──────── Given records

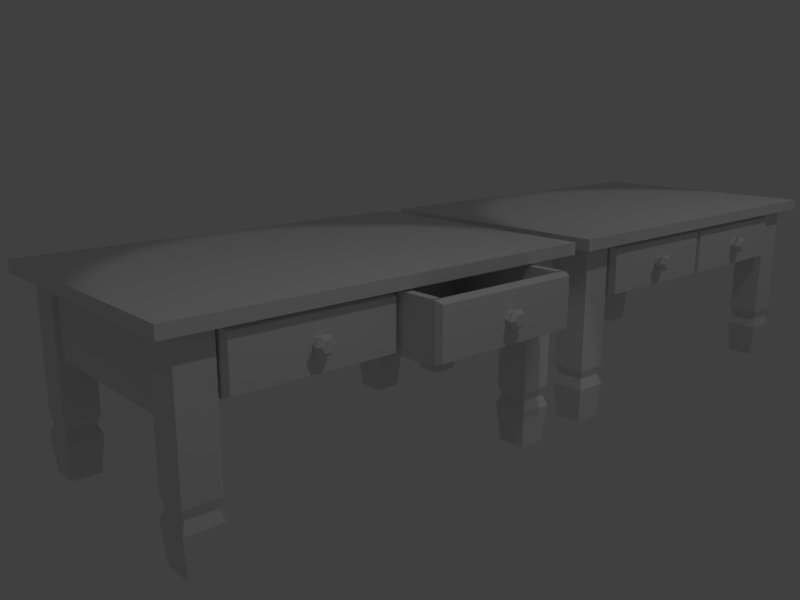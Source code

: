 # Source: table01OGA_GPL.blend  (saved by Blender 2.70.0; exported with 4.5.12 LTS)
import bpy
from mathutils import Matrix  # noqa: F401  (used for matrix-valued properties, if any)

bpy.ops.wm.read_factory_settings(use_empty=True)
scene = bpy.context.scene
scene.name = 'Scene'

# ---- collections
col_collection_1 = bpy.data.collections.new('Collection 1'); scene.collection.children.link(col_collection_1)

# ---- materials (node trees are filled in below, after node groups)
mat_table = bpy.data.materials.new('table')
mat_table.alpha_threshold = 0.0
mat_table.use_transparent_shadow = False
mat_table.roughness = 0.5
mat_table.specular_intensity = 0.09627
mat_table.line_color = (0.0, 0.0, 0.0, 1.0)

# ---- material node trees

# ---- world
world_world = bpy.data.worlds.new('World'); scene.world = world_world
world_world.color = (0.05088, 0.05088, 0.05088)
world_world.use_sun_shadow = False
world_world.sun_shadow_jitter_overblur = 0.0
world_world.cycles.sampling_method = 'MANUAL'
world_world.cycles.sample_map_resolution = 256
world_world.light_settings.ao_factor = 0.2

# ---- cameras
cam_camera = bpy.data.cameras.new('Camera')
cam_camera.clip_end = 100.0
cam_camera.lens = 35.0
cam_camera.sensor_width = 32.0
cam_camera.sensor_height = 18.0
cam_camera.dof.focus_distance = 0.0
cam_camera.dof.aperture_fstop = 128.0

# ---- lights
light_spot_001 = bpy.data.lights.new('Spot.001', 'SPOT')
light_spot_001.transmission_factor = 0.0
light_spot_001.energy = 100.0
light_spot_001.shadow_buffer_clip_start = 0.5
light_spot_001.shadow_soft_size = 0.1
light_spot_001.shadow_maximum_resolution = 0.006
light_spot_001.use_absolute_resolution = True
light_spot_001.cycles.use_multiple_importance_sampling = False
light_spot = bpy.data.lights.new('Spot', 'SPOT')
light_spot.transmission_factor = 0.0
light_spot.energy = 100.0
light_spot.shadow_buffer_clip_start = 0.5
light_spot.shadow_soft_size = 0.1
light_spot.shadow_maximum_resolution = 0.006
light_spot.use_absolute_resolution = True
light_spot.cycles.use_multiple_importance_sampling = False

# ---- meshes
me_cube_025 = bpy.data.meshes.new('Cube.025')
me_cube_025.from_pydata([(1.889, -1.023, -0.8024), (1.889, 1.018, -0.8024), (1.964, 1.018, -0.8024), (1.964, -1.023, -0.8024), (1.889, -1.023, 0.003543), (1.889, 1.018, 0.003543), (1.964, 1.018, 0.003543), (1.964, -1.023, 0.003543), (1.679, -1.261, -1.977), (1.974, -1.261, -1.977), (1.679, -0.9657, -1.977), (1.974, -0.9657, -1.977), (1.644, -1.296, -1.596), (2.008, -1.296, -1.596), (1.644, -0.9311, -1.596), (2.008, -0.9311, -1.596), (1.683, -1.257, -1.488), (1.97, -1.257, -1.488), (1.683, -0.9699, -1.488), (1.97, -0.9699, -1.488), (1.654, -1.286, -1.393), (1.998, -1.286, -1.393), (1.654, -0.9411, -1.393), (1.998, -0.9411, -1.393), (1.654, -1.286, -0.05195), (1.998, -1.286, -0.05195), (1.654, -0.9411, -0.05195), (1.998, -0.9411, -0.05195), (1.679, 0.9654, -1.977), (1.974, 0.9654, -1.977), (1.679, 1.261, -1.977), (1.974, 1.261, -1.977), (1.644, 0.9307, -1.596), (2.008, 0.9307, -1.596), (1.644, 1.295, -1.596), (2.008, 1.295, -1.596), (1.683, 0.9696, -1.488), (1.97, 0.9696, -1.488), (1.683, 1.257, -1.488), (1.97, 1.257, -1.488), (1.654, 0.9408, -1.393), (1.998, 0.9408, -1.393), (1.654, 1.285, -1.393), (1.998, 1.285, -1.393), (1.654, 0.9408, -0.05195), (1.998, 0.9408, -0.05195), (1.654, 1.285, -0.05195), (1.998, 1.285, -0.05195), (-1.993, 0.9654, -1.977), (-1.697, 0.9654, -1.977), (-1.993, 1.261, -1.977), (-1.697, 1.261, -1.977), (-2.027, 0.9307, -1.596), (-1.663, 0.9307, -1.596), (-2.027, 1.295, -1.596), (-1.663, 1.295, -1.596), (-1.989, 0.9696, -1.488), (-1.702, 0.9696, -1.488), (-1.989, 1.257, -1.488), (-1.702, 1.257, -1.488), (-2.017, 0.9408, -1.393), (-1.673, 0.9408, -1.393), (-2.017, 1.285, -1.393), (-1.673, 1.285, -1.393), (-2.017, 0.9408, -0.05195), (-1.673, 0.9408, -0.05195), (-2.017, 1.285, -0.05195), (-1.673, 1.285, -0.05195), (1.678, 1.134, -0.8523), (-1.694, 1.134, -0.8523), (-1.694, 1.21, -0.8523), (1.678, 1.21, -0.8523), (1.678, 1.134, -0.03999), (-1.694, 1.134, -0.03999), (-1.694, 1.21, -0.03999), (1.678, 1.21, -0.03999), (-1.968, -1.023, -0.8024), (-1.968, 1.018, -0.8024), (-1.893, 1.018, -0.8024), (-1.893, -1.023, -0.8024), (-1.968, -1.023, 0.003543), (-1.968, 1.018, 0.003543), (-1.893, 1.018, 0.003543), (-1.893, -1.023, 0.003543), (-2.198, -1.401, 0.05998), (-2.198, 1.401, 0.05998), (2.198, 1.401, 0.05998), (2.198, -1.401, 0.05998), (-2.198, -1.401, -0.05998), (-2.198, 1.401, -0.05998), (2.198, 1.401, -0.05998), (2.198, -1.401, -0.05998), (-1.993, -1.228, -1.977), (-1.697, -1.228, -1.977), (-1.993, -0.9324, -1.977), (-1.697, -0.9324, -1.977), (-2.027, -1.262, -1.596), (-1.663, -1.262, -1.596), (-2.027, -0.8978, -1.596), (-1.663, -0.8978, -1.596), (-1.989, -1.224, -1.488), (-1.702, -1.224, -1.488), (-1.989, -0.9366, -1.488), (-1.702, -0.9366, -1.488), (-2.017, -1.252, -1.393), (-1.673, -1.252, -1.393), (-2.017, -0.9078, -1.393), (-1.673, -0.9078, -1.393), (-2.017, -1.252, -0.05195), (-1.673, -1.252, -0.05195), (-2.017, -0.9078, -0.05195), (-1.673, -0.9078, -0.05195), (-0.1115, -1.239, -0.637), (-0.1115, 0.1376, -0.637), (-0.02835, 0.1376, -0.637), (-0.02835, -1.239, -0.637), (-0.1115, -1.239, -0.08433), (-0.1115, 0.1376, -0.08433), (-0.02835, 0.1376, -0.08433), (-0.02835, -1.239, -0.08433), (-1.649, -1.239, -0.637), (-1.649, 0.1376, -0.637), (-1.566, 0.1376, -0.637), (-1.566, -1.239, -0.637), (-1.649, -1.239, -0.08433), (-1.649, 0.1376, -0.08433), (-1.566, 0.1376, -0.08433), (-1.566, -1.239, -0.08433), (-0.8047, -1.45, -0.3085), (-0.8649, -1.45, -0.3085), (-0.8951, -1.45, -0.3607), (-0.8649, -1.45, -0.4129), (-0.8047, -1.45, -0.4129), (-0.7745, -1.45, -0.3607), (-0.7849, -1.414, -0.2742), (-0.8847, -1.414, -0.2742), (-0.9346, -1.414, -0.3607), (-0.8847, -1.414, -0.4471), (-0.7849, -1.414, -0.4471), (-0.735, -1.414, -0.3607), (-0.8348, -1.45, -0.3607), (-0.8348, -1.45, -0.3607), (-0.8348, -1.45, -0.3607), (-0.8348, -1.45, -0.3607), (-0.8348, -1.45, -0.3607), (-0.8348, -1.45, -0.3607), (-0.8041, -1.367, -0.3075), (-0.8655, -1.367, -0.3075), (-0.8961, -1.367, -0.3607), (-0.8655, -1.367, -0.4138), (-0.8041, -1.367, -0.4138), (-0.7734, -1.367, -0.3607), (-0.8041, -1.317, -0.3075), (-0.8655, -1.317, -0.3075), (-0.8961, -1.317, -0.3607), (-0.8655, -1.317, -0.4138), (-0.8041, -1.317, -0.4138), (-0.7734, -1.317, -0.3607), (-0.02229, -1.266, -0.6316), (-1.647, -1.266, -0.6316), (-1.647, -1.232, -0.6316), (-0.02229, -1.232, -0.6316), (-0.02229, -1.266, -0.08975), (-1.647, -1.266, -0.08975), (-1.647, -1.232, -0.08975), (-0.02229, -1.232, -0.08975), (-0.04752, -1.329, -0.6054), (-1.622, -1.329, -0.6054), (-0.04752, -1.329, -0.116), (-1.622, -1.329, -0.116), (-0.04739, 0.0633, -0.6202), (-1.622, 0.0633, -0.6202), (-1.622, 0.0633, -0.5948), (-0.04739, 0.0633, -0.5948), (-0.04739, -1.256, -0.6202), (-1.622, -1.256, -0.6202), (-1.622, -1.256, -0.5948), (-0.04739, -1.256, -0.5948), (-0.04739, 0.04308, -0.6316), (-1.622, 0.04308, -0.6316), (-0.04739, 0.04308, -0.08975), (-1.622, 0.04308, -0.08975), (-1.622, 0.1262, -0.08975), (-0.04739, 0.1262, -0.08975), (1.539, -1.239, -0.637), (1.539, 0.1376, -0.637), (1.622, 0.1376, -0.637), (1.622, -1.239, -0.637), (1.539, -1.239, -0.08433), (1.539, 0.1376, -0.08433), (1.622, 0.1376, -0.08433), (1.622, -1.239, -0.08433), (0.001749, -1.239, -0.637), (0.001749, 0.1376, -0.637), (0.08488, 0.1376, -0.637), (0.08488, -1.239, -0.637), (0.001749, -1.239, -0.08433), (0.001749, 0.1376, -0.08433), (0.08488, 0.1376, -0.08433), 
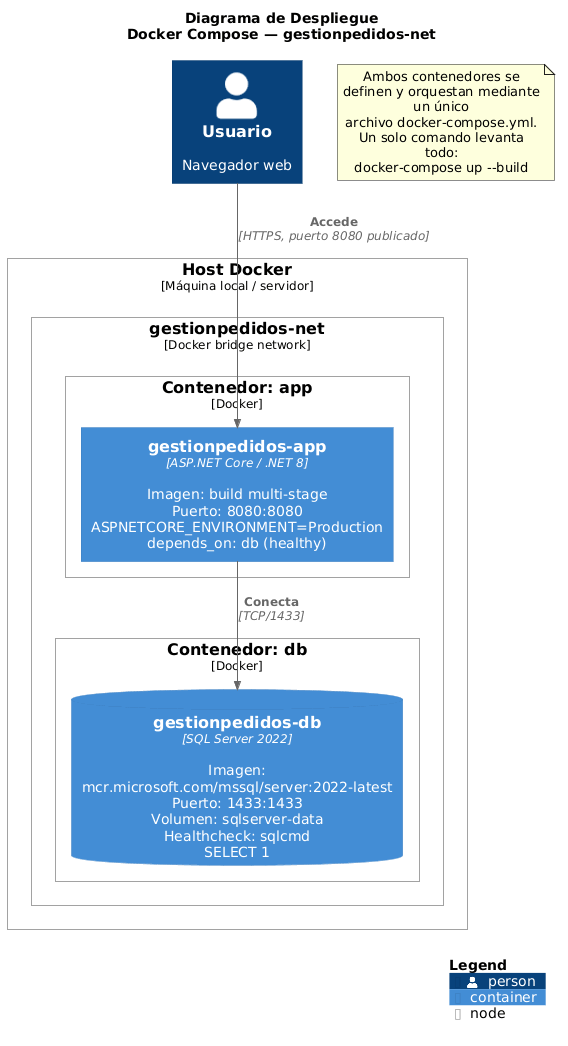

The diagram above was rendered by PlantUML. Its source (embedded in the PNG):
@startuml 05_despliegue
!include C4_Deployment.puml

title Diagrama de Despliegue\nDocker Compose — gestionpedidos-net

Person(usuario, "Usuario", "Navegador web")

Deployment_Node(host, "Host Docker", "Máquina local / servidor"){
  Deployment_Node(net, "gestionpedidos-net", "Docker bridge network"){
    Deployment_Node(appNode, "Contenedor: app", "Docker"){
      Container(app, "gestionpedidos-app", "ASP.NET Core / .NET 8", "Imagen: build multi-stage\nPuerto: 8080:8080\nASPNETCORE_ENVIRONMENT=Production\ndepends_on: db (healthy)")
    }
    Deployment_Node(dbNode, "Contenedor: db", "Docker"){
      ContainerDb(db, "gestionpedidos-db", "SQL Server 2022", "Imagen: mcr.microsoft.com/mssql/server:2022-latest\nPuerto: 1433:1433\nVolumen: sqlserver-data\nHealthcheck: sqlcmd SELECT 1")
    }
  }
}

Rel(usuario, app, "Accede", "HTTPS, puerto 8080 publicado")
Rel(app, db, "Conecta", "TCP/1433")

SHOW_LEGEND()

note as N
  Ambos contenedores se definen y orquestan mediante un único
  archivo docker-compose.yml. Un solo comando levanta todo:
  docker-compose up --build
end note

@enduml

────────────────

* Task directions *
Where the data above reaches the line holding "mat_table.roughness = 0.5", begin printing, and stop after the line holding "world_world.cycles.sample_map_resolution = 256". Each line must be reproduced exactly, with nothing else added.

* Solution to this task *
mat_table.roughness = 0.5
mat_table.specular_intensity = 0.09627
mat_table.line_color = (0.0, 0.0, 0.0, 1.0)

# ---- material node trees

# ---- world
world_world = bpy.data.worlds.new('World'); scene.world = world_world
world_world.color = (0.05088, 0.05088, 0.05088)
world_world.use_sun_shadow = False
world_world.sun_shadow_jitter_overblur = 0.0
world_world.cycles.sampling_method = 'MANUAL'
world_world.cycles.sample_map_resolution = 256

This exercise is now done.